These responses unequivocally confirm the juror's ability to disregard her own prior experience and judge the case on the basis of the evidence brought before her. If they are true, they preclude a challenge for cause. Allen, 605 F.3d at 464–65 (collecting cases). Judge Durkin decided to take the prospective juror at her word, and, as the trial judge, he was in the best position to observe her credibility and demeanor. United States v. Brodnicki, 516 F.3d 570, 574 (7th Cir.2008). Finding no reason to second-guess that decision, we defer to the discretion of the district court.


Marshall's second argument is unusual, and requires some context. The parties agreed, prior to trial, to try the case to a jury of eight, which would be selected from a venire of twenty. The order in which veniremen were called for voir dire was randomly assigned, with no knowledge of race, by the clerk's office. As it happened, of the first fourteen veniremen called, none of the twelve whom were not excused for cause were black. At that point, a petit jury of eight (non-black) jurors had been selected. Counsel for Marshall, who is black, noticed that three of the six remaining veniremen were also black, and moved the court to expand the size of the petit jury to ten “in the hope of getting one of the persons of color on the jury.” The defendants objected and the court denied Marshall's request. Marshall believes that denial was an abuse of—or, more specifically, a “failure to exercise”—discretion.

“The process of empaneling a jury is firmly entrusted to the sound discretion of the trial judge and will not be disturbed absent an abuse of this discretion.” United States v. Beasley, 48 F.3d 262, 266 (7th Cir.1995) (quoting United States v. Rubin, 37 F.3d 49, 54 (2d Cir.1994)). There was no abuse of discretion here. But even quoting the standard of review is getting ahead of ourselves.

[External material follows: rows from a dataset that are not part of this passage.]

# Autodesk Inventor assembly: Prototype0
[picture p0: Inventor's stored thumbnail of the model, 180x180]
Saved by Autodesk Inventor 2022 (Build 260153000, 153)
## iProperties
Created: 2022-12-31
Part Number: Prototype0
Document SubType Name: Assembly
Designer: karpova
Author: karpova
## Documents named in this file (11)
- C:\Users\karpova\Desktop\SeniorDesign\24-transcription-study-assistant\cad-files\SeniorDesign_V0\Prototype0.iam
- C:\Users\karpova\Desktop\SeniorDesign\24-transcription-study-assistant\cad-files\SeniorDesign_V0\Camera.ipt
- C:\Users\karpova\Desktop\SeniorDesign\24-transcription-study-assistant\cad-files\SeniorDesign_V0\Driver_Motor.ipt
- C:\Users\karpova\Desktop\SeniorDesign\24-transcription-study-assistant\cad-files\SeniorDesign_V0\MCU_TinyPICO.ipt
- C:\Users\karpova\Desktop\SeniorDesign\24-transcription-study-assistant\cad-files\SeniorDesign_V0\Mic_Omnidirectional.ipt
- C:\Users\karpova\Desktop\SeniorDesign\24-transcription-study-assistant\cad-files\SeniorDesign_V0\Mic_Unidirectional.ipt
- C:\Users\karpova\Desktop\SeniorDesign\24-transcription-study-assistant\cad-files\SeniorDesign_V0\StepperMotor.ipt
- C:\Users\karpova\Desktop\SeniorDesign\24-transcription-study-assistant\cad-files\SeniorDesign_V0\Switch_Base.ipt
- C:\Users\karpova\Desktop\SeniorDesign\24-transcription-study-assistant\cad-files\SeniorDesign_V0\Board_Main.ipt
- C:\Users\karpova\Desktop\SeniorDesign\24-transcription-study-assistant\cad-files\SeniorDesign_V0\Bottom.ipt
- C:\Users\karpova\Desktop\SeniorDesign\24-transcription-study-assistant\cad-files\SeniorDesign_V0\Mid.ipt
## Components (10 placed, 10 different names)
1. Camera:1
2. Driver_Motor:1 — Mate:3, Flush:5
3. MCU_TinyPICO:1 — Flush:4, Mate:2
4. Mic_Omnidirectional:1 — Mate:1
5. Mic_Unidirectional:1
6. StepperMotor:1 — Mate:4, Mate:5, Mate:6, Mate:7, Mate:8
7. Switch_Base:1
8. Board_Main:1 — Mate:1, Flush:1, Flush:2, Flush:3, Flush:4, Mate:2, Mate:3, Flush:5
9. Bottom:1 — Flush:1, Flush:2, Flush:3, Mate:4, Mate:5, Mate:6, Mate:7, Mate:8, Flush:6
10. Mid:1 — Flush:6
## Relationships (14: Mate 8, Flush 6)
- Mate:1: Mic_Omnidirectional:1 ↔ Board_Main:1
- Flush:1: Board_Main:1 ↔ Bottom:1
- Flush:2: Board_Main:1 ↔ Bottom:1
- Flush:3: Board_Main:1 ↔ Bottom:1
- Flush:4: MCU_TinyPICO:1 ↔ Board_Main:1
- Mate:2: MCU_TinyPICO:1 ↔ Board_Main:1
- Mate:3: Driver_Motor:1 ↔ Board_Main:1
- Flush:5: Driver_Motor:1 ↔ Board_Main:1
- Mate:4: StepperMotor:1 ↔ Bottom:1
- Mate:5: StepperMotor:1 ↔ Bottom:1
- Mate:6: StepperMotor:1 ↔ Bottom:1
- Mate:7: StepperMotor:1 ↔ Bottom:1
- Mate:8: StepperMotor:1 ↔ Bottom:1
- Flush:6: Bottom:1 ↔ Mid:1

Marshall has suggested no remotely cognizable legal harm to support this argument. It is established that a litigant has no right to a petit jury which contains members of his race or which fairly represents a cross-section of the community. See Holland v.. Illinois, 493 U.S. 474, 477–78 (1990); United States v. Hatchett, 31 F.3d 1411, 1426 (7th Cir.1994). So how could the district court have erred by failing to ensure that Marshall got one? Marshall did, of course, have a right to a jury venire composed of a fair cross-section of the community, Hatchett, 31 F.3d at 1426, but he is not challenging the composition of the venire. He also had a right to see that no state actor intentionally excluded any person from the petit jury on account of their race, Batson v. Kentucky, 476 U.S. 79 (1986), but, again, Marshall is not claiming that any state actor acted in such a way. In short, it is hard to see the legal basis for Marshall's motion, let alone any reason why the district court's failure to grant it might amount to an abuse of discretion.

Marshall attempts to side-step this problem by framing the district court's denial of his motion as a “failure to exercise” discretion. Munoz–Pacheco v. Holder, 673 F.3d 741, 745 (7th Cir.2012) (“Failure to exercise discretion is not exercising discretion; it is making a legal mistake.”). That is not what happened. The denial of a motion is just as much an exercise of discretion as the granting of a motion; were it otherwise, we would have to reverse every time a trial motion was denied.

For that matter, we would have been faced with a difficult constitutional question if the district court had granted Marshall's motion. Marshall openly asked the court to be “race conscious” in jury selection—specifically, to expand the size of the jury beyond what the parties originally agreed for the express purpose of increasing the chances that Marshall would try his case to at least one black juror. But “the Constitution prohibits all forms of purposeful racial discrimination in the selection of jurors .” Batson, 476 U.S. at 88. At least one court has held that the principle of Batson extends to cover the facts before us:

In sum, we find that the wrongful inclusion of a juror on account of race should be treated the same as the wrongful exclusion of a prospective juror on account of race. Each situation violates the constitutional command that jurors be selected pursuant to criteria that do not take race into account, each deprives a defendant of a jury that has been “indifferently chosen” in terms of race, and each involves the exercise of judicial power in support of a process in which race becomes dispositive in terms of who can serve on a jury.

Pellegrino v. AMPCO System Parking, 486 Mich. 330, 347–348 (2010) (emphasis original). We need not decide whether we agree with the Michigan Supreme Court's conclusion, but we can confidently say that we would have been more troubled by the district court's grant of Marshall's motion than we are by its denial.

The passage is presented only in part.